3.4. Integrative Phenotypic Analysis
To explore the relationship between static geometry and dynamic membrane behavior, morphometric and flickering-derived parameters were analysed jointly. Scatter plots revealed partial correlations between selected dynamic descriptors (e.g., characteristic relaxation frequency or effective rigidity) (
Figure 5C) and morphometric measures such as equivalent radius or circularity. These correlations were moderate and condition-dependent, indicating that morphological and dynamic readouts capture overlapping but non-redundant aspects of the erythrocyte membrane state. Importantly, the combined analysis highlighted that flavonoid-induced phenotypic signatures cannot be fully described by morphology or flickering alone; instead, their integration provides a more sensitive and discriminative characterization.

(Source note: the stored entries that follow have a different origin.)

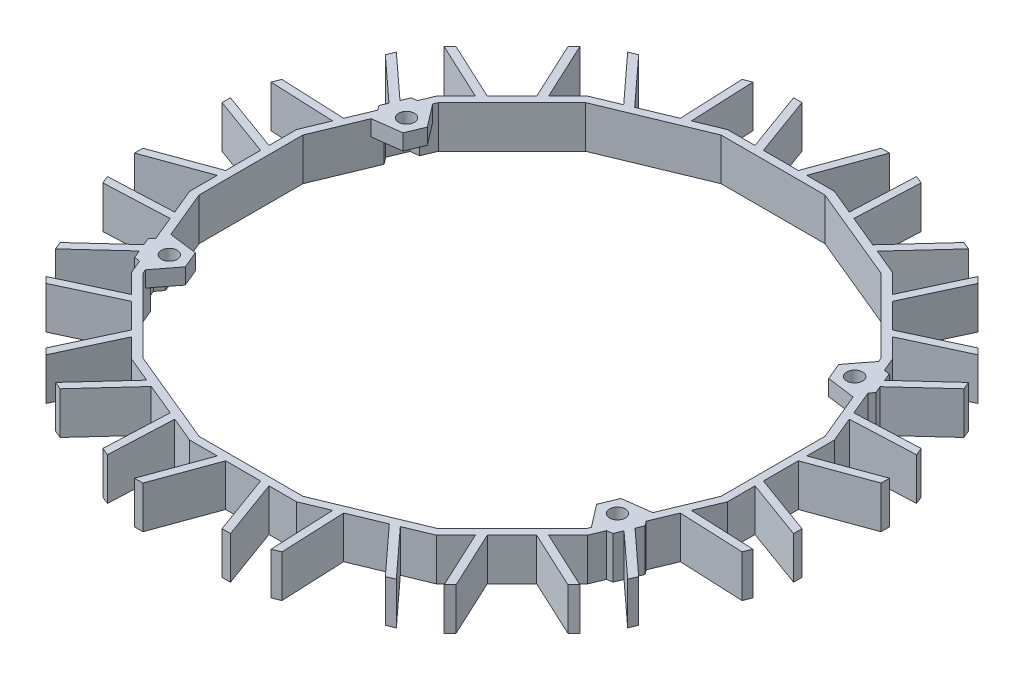
SolidWorks part; units mm, degrees
ref_plane "Front Plane" through (0, 0, 0) normal (0, 0, 1) x (1, 0, 0)
ref_plane "Top Plane" through (0, 0, 0) normal (0, 1, 0) x (1, 0, 0)
ref_plane "Right Plane" through (0, 0, 0) normal (1, 0, 0) x (0, 0, -1)
sketch "Sketch1" plane through (0, 0, 0) normal (0, 1, 0) x (1, 0, 0)
  line L1 (62.5, 12.432) -> (52.9849, 35.4034)
  line L2 (52.9849, 35.4034) -> (35.4034, 52.9849)
  line L3 (35.4034, 52.9849) -> (12.432, 62.5)
  line L4 (12.432, 62.5) -> (-12.432, 62.5)
  line L5 (-12.432, 62.5) -> (-35.4034, 52.9849)
  line L6 (-35.4034, 52.9849) -> (-52.9849, 35.4034)
  line L7 (-52.9849, 35.4034) -> (-62.5, 12.432)
  line L8 (-62.5, 12.432) -> (-62.5, -12.432)
  line L9 (-62.5, -12.432) -> (-52.9849, -35.4034)
  line L10 (-52.9849, -35.4034) -> (-35.4034, -52.9849)
  line L11 (-35.4034, -52.9849) -> (-12.432, -62.5)
  line L12 (-12.432, -62.5) -> (12.432, -62.5)
  line L13 (12.432, -62.5) -> (35.4034, -52.9849)
  line L14 (35.4034, -52.9849) -> (52.9849, -35.4034)
  line L15 (52.9849, -35.4034) -> (62.5, -12.432)
  line L16 (62.5, -12.432) -> (62.5, 12.432)
  circle A0 centre (0, 0) radius 62.5 construction
  dimension "D1" = 125
extrude "Boss-Extrude1" add sketch "Sketch1" along normal blind 1.6
sketch "Sketch2" plane through (0, 0, 0) normal (0, -1, 0) x (1, 0, 0)
  line L0 (-7.5, 62.5) -> (-3.3143, 51)
  line L1 (-12.432, 62.5) -> (12.432, 62.5) construction
  line L2 (-3.3143, 51) -> (3.3143, 51)
  line L3 (3.3143, 51) -> (7.5, 62.5)
  line L4 (7.5, 62.5) -> (9.0963, 62.5)
  line L5 (9.0963, 62.5) -> (4.3647, 49.5)
  line L6 (4.3647, 49.5) -> (-4.3647, 49.5)
  line L7 (-4.3647, 49.5) -> (-9.0963, 62.5)
  line L8 (-9.0963, 62.5) -> (-7.5, 62.5)
  line L131 (15.5139, 61.2235) -> (16.9886, 60.6126)
  line L132 (16.9886, 60.6126) -> (16.4548, 48.3862)
  line L133 (16.4548, 48.3862) -> (22.5789, 45.8495)
  line L134 (22.5789, 45.8495) -> (30.8468, 54.8723)
  line L135 (30.8468, 54.8723) -> (32.3216, 54.2615)
  line L136 (32.3216, 54.2615) -> (22.9752, 44.0618)
  line L137 (22.9752, 44.0618) -> (14.9104, 47.4023)
  line L138 (14.9104, 47.4023) -> (15.5139, 61.2235)
  line L139 (37.7621, 50.6262) -> (38.8909, 49.4975)
  line L140 (38.8909, 49.4975) -> (33.7189, 38.406)
  line L141 (33.7189, 38.406) -> (38.406, 33.7189)
  line L142 (38.406, 33.7189) -> (49.4975, 38.8909)
  line L143 (49.4975, 38.8909) -> (50.6262, 37.7621)
  line L144 (50.6262, 37.7621) -> (38.0881, 31.9155)
  line L145 (38.0881, 31.9155) -> (31.9155, 38.0881)
  line L146 (31.9155, 38.0881) -> (37.7621, 50.6262)
  line L147 (54.2615, 32.3216) -> (54.8723, 30.8468)
  line L148 (54.8723, 30.8468) -> (45.8495, 22.5789)
  line L149 (45.8495, 22.5789) -> (48.3862, 16.4548)
  line L150 (48.3862, 16.4548) -> (60.6126, 16.9886)
  line L151 (60.6126, 16.9886) -> (61.2235, 15.5139)
  line L152 (61.2235, 15.5139) -> (47.4023, 14.9104)
  line L153 (47.4023, 14.9104) -> (44.0618, 22.9752)
  line L154 (44.0618, 22.9752) -> (54.2615, 32.3216)
  line L155 (62.5, 9.0963) -> (62.5, 7.5)
  line L156 (62.5, 7.5) -> (51, 3.3143)
  line L157 (51, 3.3143) -> (51, -3.3143)
  line L158 (51, -3.3143) -> (62.5, -7.5)
  line L167 (62.5, -7.5) -> (62.5, -9.0963)
  line L184 (62.5, -9.0963) -> (49.5, -4.3647)
  line L185 (49.5, -4.3647) -> (49.5, 4.3647)
  line L186 (49.5, 4.3647) -> (62.5, 9.0963)
  line L187 (61.2235, -15.5139) -> (60.6126, -16.9886)
  line L188 (60.6126, -16.9886) -> (48.3862, -16.4548)
  line L189 (48.3862, -16.4548) -> (45.8495, -22.5789)
  line L190 (45.8495, -22.5789) -> (54.8723, -30.8468)
  line L191 (54.8723, -30.8468) -> (54.2615, -32.3216)
  line L192 (54.2615, -32.3216) -> (44.0618, -22.9752)
  line L193 (44.0618, -22.9752) -> (47.4023, -14.9104)
  line L194 (47.4023, -14.9104) -> (61.2235, -15.5139)
  line L195 (50.6262, -37.7621) -> (49.4975, -38.8909)
  line L196 (49.4975, -38.8909) -> (38.406, -33.7189)
  line L197 (38.406, -33.7189) -> (33.7189, -38.406)
  line L198 (33.7189, -38.406) -> (38.8909, -49.4975)
  line L199 (38.8909, -49.4975) -> (37.7621, -50.6262)
  line L200 (37.7621, -50.6262) -> (31.9155, -38.0881)
  line L201 (31.9155, -38.0881) -> (38.0881, -31.9155)
  line L202 (38.0881, -31.9155) -> (50.6262, -37.7621)
  line L203 (32.3216, -54.2615) -> (30.8468, -54.8723)
  line L204 (30.8468, -54.8723) -> (22.5789, -45.8495)
  line L205 (22.5789, -45.8495) -> (16.4548, -48.3862)
  line L206 (16.4548, -48.3862) -> (16.9886, -60.6126)
  line L207 (16.9886, -60.6126) -> (15.5139, -61.2235)
  line L208 (15.5139, -61.2235) -> (14.9104, -47.4023)
  line L209 (14.9104, -47.4023) -> (22.9752, -44.0618)
  line L210 (22.9752, -44.0618) -> (32.3216, -54.2615)
  line L211 (9.0963, -62.5) -> (7.5, -62.5)
  line L212 (7.5, -62.5) -> (3.3143, -51)
  line L213 (3.3143, -51) -> (-3.3143, -51)
  line L214 (-3.3143, -51) -> (-7.5, -62.5)
  line L215 (-7.5, -62.5) -> (-9.0963, -62.5)
  line L216 (-9.0963, -62.5) -> (-4.3647, -49.5)
  line L217 (-4.3647, -49.5) -> (4.3647, -49.5)
  line L218 (4.3647, -49.5) -> (9.0963, -62.5)
  line L219 (-15.5139, -61.2235) -> (-16.9886, -60.6126)
  line L220 (-16.9886, -60.6126) -> (-16.4548, -48.3862)
  line L221 (-16.4548, -48.3862) -> (-22.5789, -45.8495)
  line L222 (-22.5789, -45.8495) -> (-30.8468, -54.8723)
  line L223 (-30.8468, -54.8723) -> (-32.3216, -54.2615)
  line L224 (-32.3216, -54.2615) -> (-22.9752, -44.0618)
  line L225 (-22.9752, -44.0618) -> (-14.9104, -47.4023)
  line L226 (-14.9104, -47.4023) -> (-15.5139, -61.2235)
  line L227 (-37.7621, -50.6262) -> (-38.8909, -49.4975)
  line L228 (-38.8909, -49.4975) -> (-33.7189, -38.406)
  line L229 (-33.7189, -38.406) -> (-38.406, -33.7189)
  line L230 (-38.406, -33.7189) -> (-49.4975, -38.8909)
  line L231 (-49.4975, -38.8909) -> (-50.6262, -37.7621)
  line L232 (-50.6262, -37.7621) -> (-38.0881, -31.9155)
  line L233 (-38.0881, -31.9155) -> (-31.9155, -38.0881)
  line L234 (-31.9155, -38.0881) -> (-37.7621, -50.6262)
  line L235 (-54.2615, -32.3216) -> (-54.8723, -30.8468)
  line L236 (-54.8723, -30.8468) -> (-45.8495, -22.5789)
  line L237 (-45.8495, -22.5789) -> (-48.3862, -16.4548)
  line L238 (-48.3862, -16.4548) -> (-60.6126, -16.9886)
  line L239 (-60.6126, -16.9886) -> (-61.2235, -15.5139)
  line L240 (-61.2235, -15.5139) -> (-47.4023, -14.9104)
  line L241 (-47.4023, -14.9104) -> (-44.0618, -22.9752)
  line L242 (-44.0618, -22.9752) -> (-54.2615, -32.3216)
  line L243 (-62.5, -9.0963) -> (-62.5, -7.5)
  line L244 (-62.5, -7.5) -> (-51, -3.3143)
  line L245 (-51, -3.3143) -> (-51, 3.3143)
  line L246 (-51, 3.3143) -> (-62.5, 7.5)
  line L247 (-62.5, 7.5) -> (-62.5, 9.0963)
  line L248 (-62.5, 9.0963) -> (-49.5, 4.3647)
  line L249 (-49.5, 4.3647) -> (-49.5, -4.3647)
  line L250 (-49.5, -4.3647) -> (-62.5, -9.0963)
  line L251 (-61.2235, 15.5139) -> (-60.6126, 16.9886)
  line L252 (-60.6126, 16.9886) -> (-48.3862, 16.4548)
  line L253 (-48.3862, 16.4548) -> (-45.8495, 22.5789)
  line L254 (-45.8495, 22.5789) -> (-54.8723, 30.8468)
  line L255 (-54.8723, 30.8468) -> (-54.2615, 32.3216)
  line L256 (-54.2615, 32.3216) -> (-44.0618, 22.9752)
  line L257 (-44.0618, 22.9752) -> (-47.4023, 14.9104)
  line L258 (-47.4023, 14.9104) -> (-61.2235, 15.5139)
  line L259 (-50.6262, 37.7621) -> (-49.4975, 38.8909)
  line L260 (-49.4975, 38.8909) -> (-38.406, 33.7189)
  line L261 (-38.406, 33.7189) -> (-33.7189, 38.406)
  line L262 (-33.7189, 38.406) -> (-38.8909, 49.4975)
  line L263 (-38.8909, 49.4975) -> (-37.7621, 50.6262)
  line L264 (-37.7621, 50.6262) -> (-31.9155, 38.0881)
  line L265 (-31.9155, 38.0881) -> (-38.0881, 31.9155)
  line L266 (-38.0881, 31.9155) -> (-50.6262, 37.7621)
  line L267 (-32.3216, 54.2615) -> (-30.8468, 54.8723)
  line L268 (-30.8468, 54.8723) -> (-22.5789, 45.8495)
  line L269 (-22.5789, 45.8495) -> (-16.4548, 48.3862)
  line L270 (-16.4548, 48.3862) -> (-16.9886, 60.6126)
  line L271 (-16.9886, 60.6126) -> (-15.5139, 61.2235)
  line L272 (-15.5139, 61.2235) -> (-14.9104, 47.4023)
  line L273 (-14.9104, 47.4023) -> (-22.9752, 44.0618)
  line L274 (-22.9752, 44.0618) -> (-32.3216, 54.2615)
  point P4 (0, 51)
  point P11 (0, 49.5)
  point P136 (0, 0)
  point P138 (0, 0)
  dimension "D6" = 16
  dimension "D1" = 1.5
  dimension "D2" = 1.5
  dimension "D3" = 15
  dimension "D4" = 40
  dimension "D5" = 11.5
extrude "Boss-Extrude5" add sketch "Sketch2" along normal blind 8
sketch "Sketch6" plane through (0, 1.6, 0) normal (0, 1, 0) x (1, 0, 0)
  line L1 (-42.5, -22.5) -> (42.5, -22.5) construction
  line L2 (-42.5, -22.5) -> (-42.5, 22.5) construction
  line L3 (-42.5, 22.5) -> (42.5, 22.5) construction
  line L4 (42.5, -22.5) -> (42.5, 22.5) construction
  line L5 (-42.5, -22.5) -> (42.5, 22.5) construction
  line L6 (-42.5, 22.5) -> (42.5, -22.5) construction
  circle A0 centre (-42.5, 22.5) radius 1.5
  circle A1 centre (-42.5, -22.5) radius 1.5
  circle A2 centre (42.5, -22.5) radius 1.5
  circle A3 centre (42.5, 22.5) radius 1.5
  point P0 (0, 0)
  dimension "D3" = 3
  dimension "D1" = 85
  dimension "D2" = 45
extrude "Cut-Extrude2" cut sketch "Sketch6" against normal up to surface (1.6 mm away) up to face at (0, 0, 0)
sketch "Sketch17" plane through (0, -8, 0) normal (0, -1, 0) x (1, 0, 0)
  line L1 (-9.8462, 49.5) -> (-28.0395, 41.9641)
  line L2 (-28.0395, 41.9641) -> (-41.9641, 28.0395)
  line L3 (-41.9641, 28.0395) -> (-49.5, 9.8462)
  line L4 (-49.5, 9.8462) -> (-49.5, -9.8462)
  line L5 (-49.5, -9.8462) -> (-41.9641, -28.0395)
  line L6 (-41.9641, -28.0395) -> (-28.0395, -41.9641)
  line L7 (-28.0395, -41.9641) -> (-9.8462, -49.5)
  line L8 (-9.8462, -49.5) -> (9.8462, -49.5)
  line L9 (9.8462, -49.5) -> (28.0395, -41.9641)
  line L10 (28.0395, -41.9641) -> (41.9641, -28.0395)
  line L11 (41.9641, -28.0395) -> (49.5, -9.8462)
  line L12 (49.5, -9.8462) -> (49.5, 9.8462)
  line L13 (49.5, 9.8462) -> (41.9641, 28.0395)
  line L14 (41.9641, 28.0395) -> (28.0395, 41.9641)
  line L15 (28.0395, 41.9641) -> (9.8462, 49.5)
  line L16 (9.8462, 49.5) -> (-9.8462, 49.5)
  line L18 (-49.5, -4.3647) -> (-49.5, 4.3647) construction
  line L20 (-10.1445, 51) -> (-28.8892, 43.2357)
  line L21 (-28.8892, 43.2357) -> (-43.2357, 28.8892)
  line L22 (-43.2357, 28.8892) -> (-51, 10.1445)
  line L23 (-51, 10.1445) -> (-51, -10.1445)
  line L24 (-51, -10.1445) -> (-43.2357, -28.8892)
  line L25 (-43.2357, -28.8892) -> (-28.8892, -43.2357)
  line L26 (-28.8892, -43.2357) -> (-10.1445, -51)
  line L27 (-10.1445, -51) -> (10.1445, -51)
  line L28 (10.1445, -51) -> (28.8892, -43.2357)
  line L29 (28.8892, -43.2357) -> (43.2357, -28.8892)
  line L30 (43.2357, -28.8892) -> (51, -10.1445)
  line L31 (51, -10.1445) -> (51, 10.1445)
  line L32 (51, 10.1445) -> (43.2357, 28.8892)
  line L33 (43.2357, 28.8892) -> (28.8892, 43.2357)
  line L34 (28.8892, 43.2357) -> (10.1445, 51)
  line L35 (10.1445, 51) -> (-10.1445, 51)
  line L36 (-51, 3.3143) -> (-51, -3.3143) construction
  circle A0 centre (0, 0) radius 49.5 construction
  circle A1 centre (0, 0) radius 51 construction
extrude "Boss-Extrude9" add sketch "Sketch17" against normal up to surface (8 mm away) up to face at (-56.75, 0, 0)
sketch "Sketch16" plane through (0, -8, 0) normal (0, -1, 0) x (1, 0, 0)
  line L0 (-49.5, 9.8462) -> (-41.9641, 28.0395) construction
  line L1 (-43.8477, 19.2462) -> (-40.356, 19.7059)
  line L2 (-40.356, 19.7059) -> (-39.0083, 22.9597)
  line L3 (-39.0083, 22.9597) -> (-41.1523, 25.7538)
  line L4 (-41.1523, 25.7538) -> (-44.644, 25.2941)
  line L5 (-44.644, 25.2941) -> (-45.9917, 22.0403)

The static (ensemble-based) and dynamic (time-resolved) analyses probe complementary projections of the same underlying membrane–cortex mechanics. It is important to note that effective (ensemble) tension and effective rigidity are distinct mechanical readouts and do not imply one another a priori. While the ergodic static spectra emphasize long-wavelength, population-averaged constraints dominated by effective tension, the time-resolved analysis captures local viscoelastic response and dissipation at shorter timescales. Under the assumption of a shared effective mechanical state, consistent compound-dependent trends across these two readouts (such as concurrent increases in effective tension, rigidity, and viscous friction) support a unified interpretation in terms of membrane remodeling rather than independent or contradictory effects.
Taken together, the results demonstrate that, under sub-hemolytic conditions, structurally distinct flavonoids induce reproducible and differentiable phenotypic signatures in erythrocyte morphology and membrane dynamics. Within the limitations of a single-donor pilot study, these findings support the feasibility and sensitivity of the combined morphometry–flickering approach as a biophysical phenotyping framework.